Even the band parts are thin and are a bit easy to stretch when compared to the H03. Keep it oiled up so they don’t crack. 
My Headband on my main HC30 is gone its really stretched out and I can no longer use it. I do always wear a hat and usually sweat so that doesn’t help. But seeing as these lights are marketed as headlamps this is one area companies could put a bit more effort into. At least they are cheap to replace! 

!

! ​ *Performance*
The part we have all been waiting for the juicy performance specs. The Nitecore HC33 has similar specifications to the Concept 1. I would say they are using same driver just an updated edition on the HC33. The HC33 has a much better UI plus some extra added features. Yea I know lol sounds like a new driver right? 

!

! ​ The HC33 is using the Cree XHP35 HD for a maximum output of 1800 lumens which is super respectable especially from a headlamp. Little lone a headlamp that weights 51.2 grams just keep that in mind. 
The tint on the XHP35 is the same tint as the Concept 1 its a cold white tint but its not unbearable cold. Its actually a decent tint over this is help by the fact that Nitecore used the XHP35HD and not the HI. Makes me wonder why Nitecore doesn’t use a SMO reflector? 
If this is the same driver as the Concept 1 we can expect much better numbers than the stated 1800 lumens. The Nitecore HC33 is ANSI rated at 1800 lumens and it reaches that mark and goes above and beyond. The HC33 has a similar output to the Concept 1. Okay so after testing last night its diffidently as bright as the Concept 1. It does step down faster than the Concept 1 only because the there is no option to push and hold turbo mode till your fingers catch on fire. 

!

! ​ *My output numbers*


Start up: 2107 lumens


30 seconds: 1918 lumens

Which leads us to the next part. The first thing I noticed about the HC33 is that it has an updated step down curve when compared to the Concept 1. Which would be expected seeing as it is a smaller and lighter weight light.  

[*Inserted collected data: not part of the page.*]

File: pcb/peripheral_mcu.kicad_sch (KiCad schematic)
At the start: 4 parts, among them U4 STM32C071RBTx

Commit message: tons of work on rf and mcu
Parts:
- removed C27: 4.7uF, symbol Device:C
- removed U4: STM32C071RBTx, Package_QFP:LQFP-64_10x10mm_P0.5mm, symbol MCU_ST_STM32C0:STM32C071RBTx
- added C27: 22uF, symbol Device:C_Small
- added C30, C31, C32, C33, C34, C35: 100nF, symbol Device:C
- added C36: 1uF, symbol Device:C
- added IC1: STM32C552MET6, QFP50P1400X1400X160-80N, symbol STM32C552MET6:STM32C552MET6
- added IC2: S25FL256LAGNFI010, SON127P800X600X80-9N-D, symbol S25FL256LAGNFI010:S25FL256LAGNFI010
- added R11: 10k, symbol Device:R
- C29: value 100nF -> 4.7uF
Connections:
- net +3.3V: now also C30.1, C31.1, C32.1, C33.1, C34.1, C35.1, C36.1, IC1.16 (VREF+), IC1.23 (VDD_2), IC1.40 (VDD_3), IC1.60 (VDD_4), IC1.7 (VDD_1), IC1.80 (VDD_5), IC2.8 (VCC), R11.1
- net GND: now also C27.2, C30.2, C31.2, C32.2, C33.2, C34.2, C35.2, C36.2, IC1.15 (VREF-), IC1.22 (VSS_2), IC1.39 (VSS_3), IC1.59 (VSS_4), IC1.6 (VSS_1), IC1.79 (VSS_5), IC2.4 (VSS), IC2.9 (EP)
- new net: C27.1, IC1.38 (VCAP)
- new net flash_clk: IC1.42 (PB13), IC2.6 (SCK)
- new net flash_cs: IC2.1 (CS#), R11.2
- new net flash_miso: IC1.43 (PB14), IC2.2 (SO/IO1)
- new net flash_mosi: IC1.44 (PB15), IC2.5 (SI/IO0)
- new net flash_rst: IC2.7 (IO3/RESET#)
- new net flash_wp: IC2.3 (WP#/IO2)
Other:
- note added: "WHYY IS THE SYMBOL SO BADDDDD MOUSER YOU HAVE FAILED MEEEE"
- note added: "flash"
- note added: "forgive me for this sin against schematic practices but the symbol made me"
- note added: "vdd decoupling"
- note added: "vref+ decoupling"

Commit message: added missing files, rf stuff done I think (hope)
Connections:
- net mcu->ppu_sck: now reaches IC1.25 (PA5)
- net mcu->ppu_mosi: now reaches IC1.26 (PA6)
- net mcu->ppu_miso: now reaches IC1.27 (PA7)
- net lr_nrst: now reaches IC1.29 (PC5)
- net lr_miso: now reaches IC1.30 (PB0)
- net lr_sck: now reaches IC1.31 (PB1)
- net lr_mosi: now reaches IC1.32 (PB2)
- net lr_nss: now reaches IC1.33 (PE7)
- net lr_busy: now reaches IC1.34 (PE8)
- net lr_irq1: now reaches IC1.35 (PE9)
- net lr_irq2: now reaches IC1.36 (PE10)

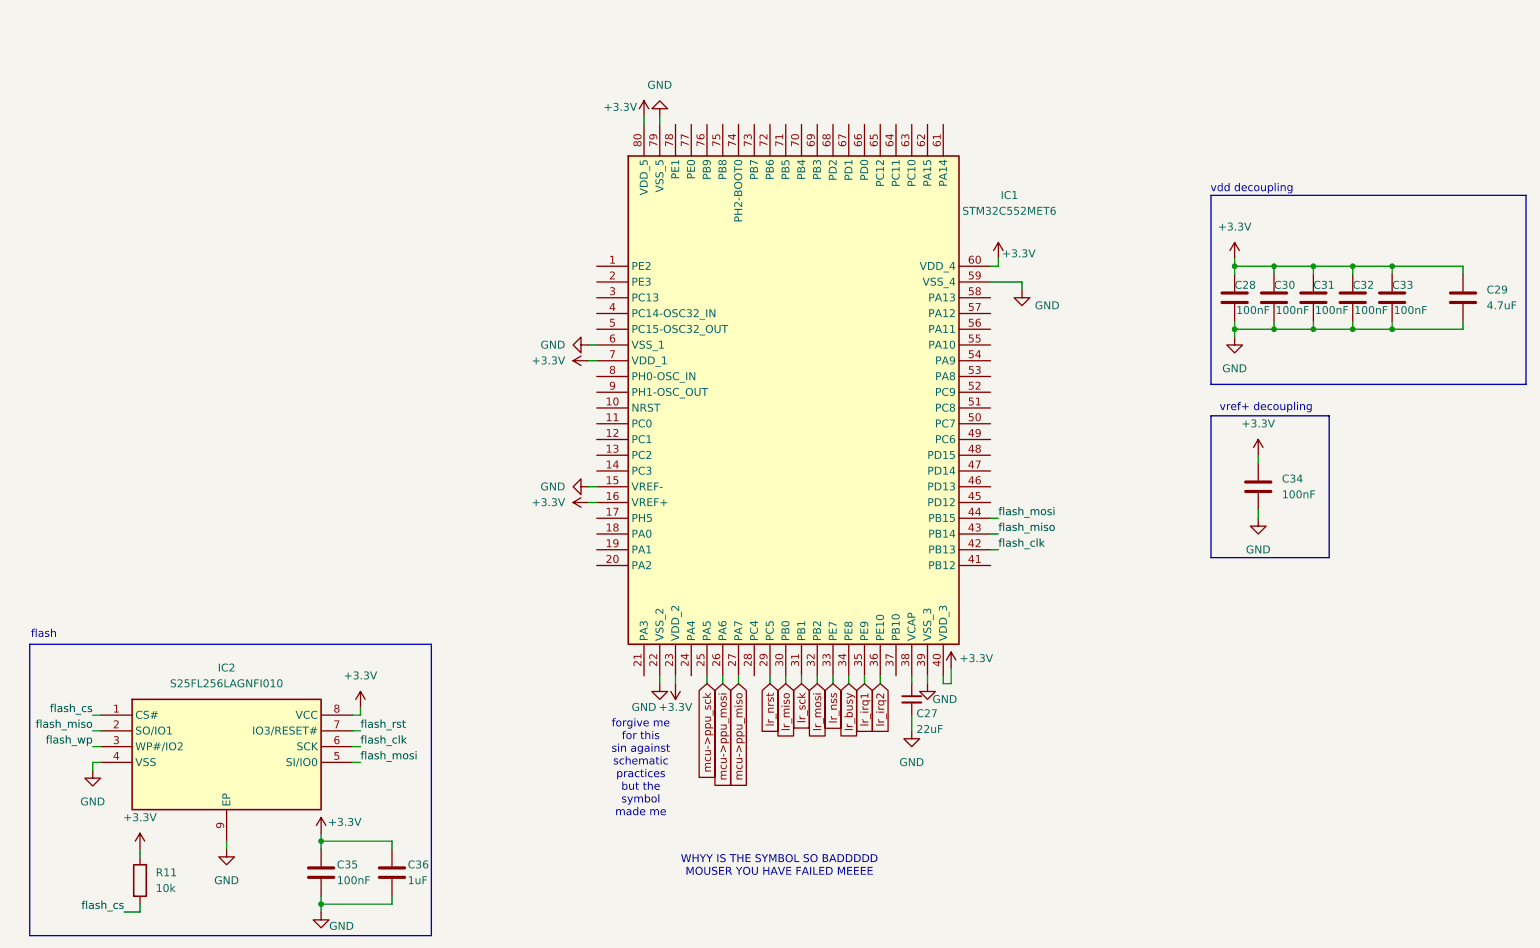
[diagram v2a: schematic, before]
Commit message: got fets figured out (finally), can integrated, a 5v regulator, sensors added - overall great progress!
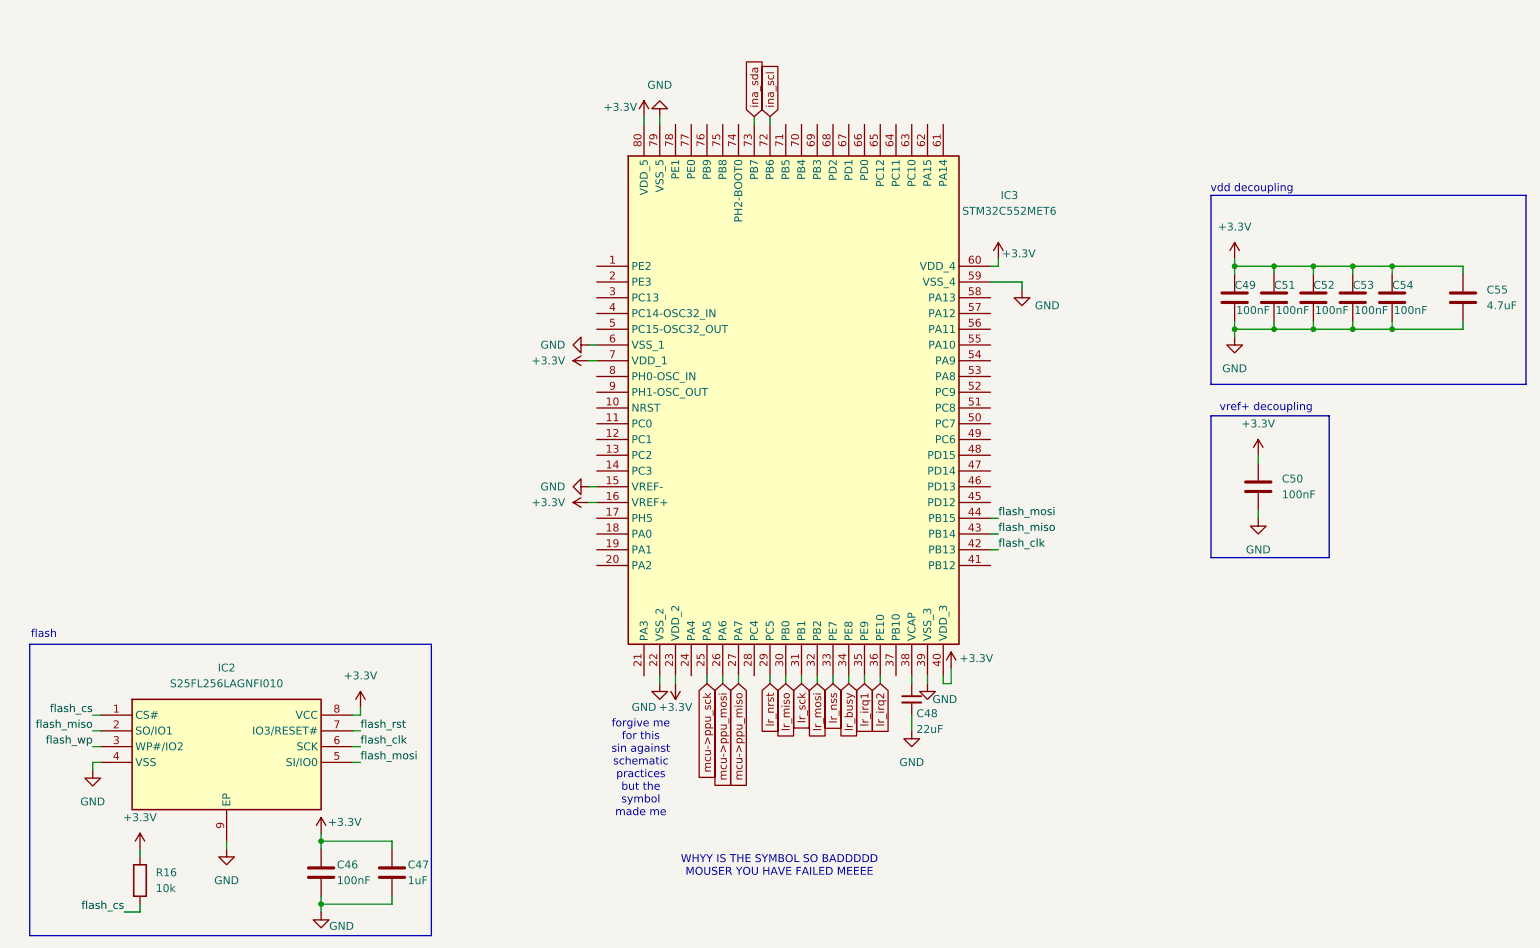
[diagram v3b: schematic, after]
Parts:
- renumbered C35 to C46, C36 to C47, C27 to C48, C28 to C49, C34 to C50, C30 to C51, C31 to C52, C32 to C53, C33 to C54, C29 to C55, IC1 to IC3, R11 to R16
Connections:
- net ina_scl: now reaches IC3.72 (PB6)
- net ina_sda: now reaches IC3.73 (PB7)

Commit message: pretty much everything on schem done, though need to add circuit protection stuff and break out remaining pins
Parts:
- added C39, C41: 8pF, symbol Device:C_Small
- added C40, C42: 17pF, symbol Device:C_Small
- added C43: 100nF, symbol Device:C
- added D6: STATUS, symbol Device:LED
- added J6: Conn_02x04_Top_Bottom, symbol Connector_Generic:Conn_02x04_Top_Bottom
- added JP3: BOOT, TestPoint:TestPoint_2Pads_Pitch2.54mm_Drill0.8mm, symbol Jumper:Jumper_2_Open
- added JP4: RST, TestPoint:TestPoint_2Pads_Pitch2.54mm_Drill0.8mm, symbol Jumper:Jumper_2_Open
- added R23, R24, R25: 10k, symbol Device:R
- added R26, R27: 1k, symbol Device:R_Small
- added R28: 120, symbol Device:R
- added Y3: 24mHz 8pf, symbol Device:Crystal_GND24
- added Y4: 32.768kHz 12.5pF, symbol Device:Crystal
- renumbered C46 to C44, C47 to C45, C48 to C46, C49 to C47, C50 to C48, C51 to C49, C52 to C50, C53 to C51, C54 to C52, C55 to C53, R16 to R22
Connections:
- net +3.3V: now also J6.8 (Pin_8), JP3.1 (A), R24.1
- net GND: now also C39.1, C40.1, C41.2, C42.2, C43.2, J6.2 (Pin_2), J6.4 (Pin_4), JP4.1 (A), R23.2, R28.1, Y3.2 (G), Y3.4 (G)
- net rst: now reaches IC3.10 (NRST)
- net rst: now also C43.1, J6.3 (Pin_3), JP4.2 (B), R24.2
- net cont_test: now reaches IC3.18 (PA0)
- net ppu_usart2_tx: now reaches IC3.20 (PA2)
- net ppu_usart2_rx: now reaches IC3.21 (PA3)
- net ppu_i2c2_scl: now reaches IC3.37 (PB10)
- net lse_0: now reaches IC3.4 (PC14-OSC32_IN)
- net lse_0: now also C40.2, Y4.1
- net ppu_i2c2_sda: now reaches IC3.41 (PB12)
- net camera_enable: now reaches IC3.46 (PD13)
- net c6_fire: now reaches IC3.47 (PD14)
- net c5_fire: now reaches IC3.48 (PD15)
- net c4_fire: now reaches IC3.49 (PC6)
- net at IC3.5 (PC15-OSC32_OUT): now also R26.1
- net c3_fire: now reaches IC3.50 (PC7)
- net c2_fire: now reaches IC3.51 (PC8)
- net c1_fire: now reaches IC3.52 (PC9)
- net arm: now reaches IC3.53 (PA8)
- net ppu_usart1_tx: now reaches IC3.54 (PA9)
- net ppu_usart1_rx: now reaches IC3.55 (PA10)
- net usb2_d-: now reaches IC3.56 (PA11)
- net usb2_d+: now reaches IC3.57 (PA12)
- net swdio: now reaches IC3.58 (PA13)
- net swdio: now also J6.5 (Pin_5)
- net swclk: now reaches IC3.61 (PA14)
- net swclk: now also J6.6 (Pin_6)
- net swo: now reaches IC3.69 (PB3)
- net swo: now also J6.1 (Pin_1)
- net boot: now reaches IC3.74 (PH2-BOOT0)
- net boot: now also J6.7 (Pin_7), R25.2
- net at IC3.78 (PE1): now also D6.2 (A)
- net hse_0: now reaches IC3.8 (PH0-OSC_IN)
- net hse_0: now also C39.2, Y3.1
- net at IC3.9 (PH1-OSC_OUT): now also R27.2
- new net: JP3.2 (B), R23.1, R25.1
- new net: D6.1 (K), R28.2
- new net hse_1: C41.1, R27.1, Y3.3
- new net lse_1: C42.1, R26.2, Y4.2
- no-connect marks 0 -> 2
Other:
- note added: "bootsel"
- note added: "debug"
- note added: "hse"
- note added: "lse"
- note added: "reset"

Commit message: yay schematic pretty much good, though I'm going to have to redo some work to split it into multiple kicad projects so I can have multiple separate boards
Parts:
- C39, C40, C41, C42, C43, C44, C47, C48, C49, C50, C51, C52: footprint (none) -> Capacitor_SMD:C_0402_1005Metric
- C45, C53: footprint (none) -> Capacitor_SMD:C_0603_1608Metric
- C46: value 22uF -> 2.2uF; footprint (none) -> Capacitor_SMD:C_0603_1608Metric
- IC2: footprint SON127P800X600X80-9N-D -> S25FL256LAGNFI010:SON127P800X600X80-9N-D
- IC3: footprint QFP50P1400X1400X160-80N -> STM32C552ME:QFP50P1400X1400X160-80N
- R22, R23, R24, R25, R26, R27: footprint (none) -> Resistor_SMD:R_0402_1005Metric
- R28: footprint (none) -> Resistor_SMD:R_0603_1608Metric
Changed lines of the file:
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@@
 			)
 		)
-		(property "Footprint" ""
+		(property "Footprint" "Resistor_SMD:R_0402_1005Metric"
 			(at 63.5 90.678 90)
 			(effects
@@
 			)
 		)
-		(property "Value" "22uF"
+		(property "Value" "2.2uF"
 			(at 155.702 154.686 0)
 			(effects
@@
 			)
 		)
-		(property "Footprint" ""
+		(property "Footprint" "Capacitor_SMD:C_0603_1608Metric"
 			(at 154.94 149.86 0)
 			(effects
@@
 			)
 		)
-		(property "Footprint" ""
+		(property "Footprint" "Capacitor_SMD:C_0402_1005Metric"
 			(at 227.0252 88.9 0)
 			(effects
@@
 			)
 		)
-		(property "Footprint" ""
+		(property "Footprint" "Capacitor_SMD:C_0603_1608Metric"
 			(at 72.0852 181.61 0)
 			(effects
@@
 			)
 		)
-		(property "Footprint" ""
+		(property "Footprint" "Capacitor_SMD:C_0402_1005Metric"
 			(at 214.3252 88.9 0)
 			(effects
@@
 			)
 		)
-		(property "Footprint" ""
+		(property "Footprint" "Resistor_SMD:R_0402_1005Metric"
 			(at 56.642 93.98 90)
 			(effects
@@
 			)
 		)
-		(property "Footprint" ""
+		(property "Footprint" "Capacitor_SMD:C_0402_1005Metric"
 			(at 22.86 67.31 0)
 			(effects
@@
 			)
 		)
-		(property "Footprint" ""
+		(property "Footprint" "Capacitor_SMD:C_0402_1005Metric"
 			(at 207.9752 88.9 0)
 			(effects
@@
 			)
 		)
-		(property "Footprint" ""
+		(property "Footprint" "Capacitor_SMD:C_0402_1005Metric"
 			(at 233.3752 88.9 0)
 			(effects
@@
 			)
 		)
-		(property "Footprint" ""
+		(property "Footprint" "Capacitor_SMD:C_0402_1005Metric"
 			(at 211.7852 119.38 0)
 			(effects
@@
 			)
 		)
-		(property "Footprint" ""
+		(property "Footprint" "Resistor_SMD:R_0402_1005Metric"
 			(at 57.912 62.23 90)
 			(effects
@@
 			)
 		)
-		(property "Footprint" ""
+		(property "Footprint" "Capacitor_SMD:C_0402_1005Metric"
 			(at 49.53 72.0852 0)
 			(effects
@@
 			)
 		)
-		(property "Footprint" ""
+		(property "Footprint" "Capacitor_SMD:C_0402_1005Metric"
 			(at 22.86 93.98 0)
 			(effects
@@
 			)
 		)
-		(property "Footprint" ""
+		(property "Footprint" "Capacitor_SMD:C_0402_1005Metric"
 			(at 220.6752 88.9 0)
 			(effects
@@
 			)
 		)
-		(property "Footprint" ""
+		(property "Footprint" "Resistor_SMD:R_0402_1005Metric"
 			(at 96.52 90.17 0)
 			(effects
@@
 			)
 		)
-		(property "Footprint" ""
+		(property "Footprint" "Capacitor_SMD:C_0402_1005Metric"
 			(at 33.02 93.98 0)
 			(effects
@@
 			)
 		)
-		(property "Footprint" "SON127P800X600X80-9N-D"
+		(property "Footprint" "S25FL256LAGNFI010:SON127P800X600X80-9N-D"
 			(at 60.96 247.32 0)
 			(effects
@@
 			)
 		)
-		(property "Footprint" ""
+		(property "Footprint" "Resistor_SMD:R_0402_1005Metric"
 			(at 100.33 100.33 0)
 			(effects
@@
 			)
 		)
-		(property "Footprint" ""
+		(property "Footprint" "Capacitor_SMD:C_0603_1608Metric"
 			(at 244.8052 88.9 0)
 			(effects
@@
 			)
 		)
-		(property "Footprint" ""
+		(property "Footprint" "Capacitor_SMD:C_0402_1005Metric"
 			(at 33.02 67.31 0)
 			(effects
@@
 			)
 		)
-		(property "Footprint" ""
+		(property "Footprint" "Capacitor_SMD:C_0402_1005Metric"
 			(at 60.6552 181.61 0)
 			(effects
@@
 			)
 		)
-		(property "Footprint" ""
+		(property "Footprint" "Resistor_SMD:R_0402_1005Metric"
 			(at 28.702 179.07 90)
 			(effects
@@
 			)
 		)
-		(property "Footprint" ""
+		(property "Footprint" "Resistor_SMD:R_0603_1608Metric"
 			(at 102.87 47.498 90)
 			(effects
@@
 			)
 		)
-		(property "Footprint" "QFP50P1400X1400X160-80N"
+		(property "Footprint" "STM32C552ME:QFP50P1400X1400X160-80N"
 			(at 163.83 159.69 0)
 			(effects

The ATR system (Advanced thermal regulation) on the HC33 is more advanced than a normal step down found on most lights. 
You will see the HC33 step down then regain brightness as it cools. There is an initial sharp step down on the HC33 as with the concept 1 this is because the first out pout numbers are super high way over the 1800 rated lumen. With the HC33 I hit almost 2100 lumens at start up on ceiling bounce test. 
This is a bonus I guess because the Concept 1 is pushing around 2200 lumens which is no slouch. Similar performance is seen on the HC33. 
!

!​ *
Driver features*



Reserve polarity protection (Do not test this with two CR123 it will be bad)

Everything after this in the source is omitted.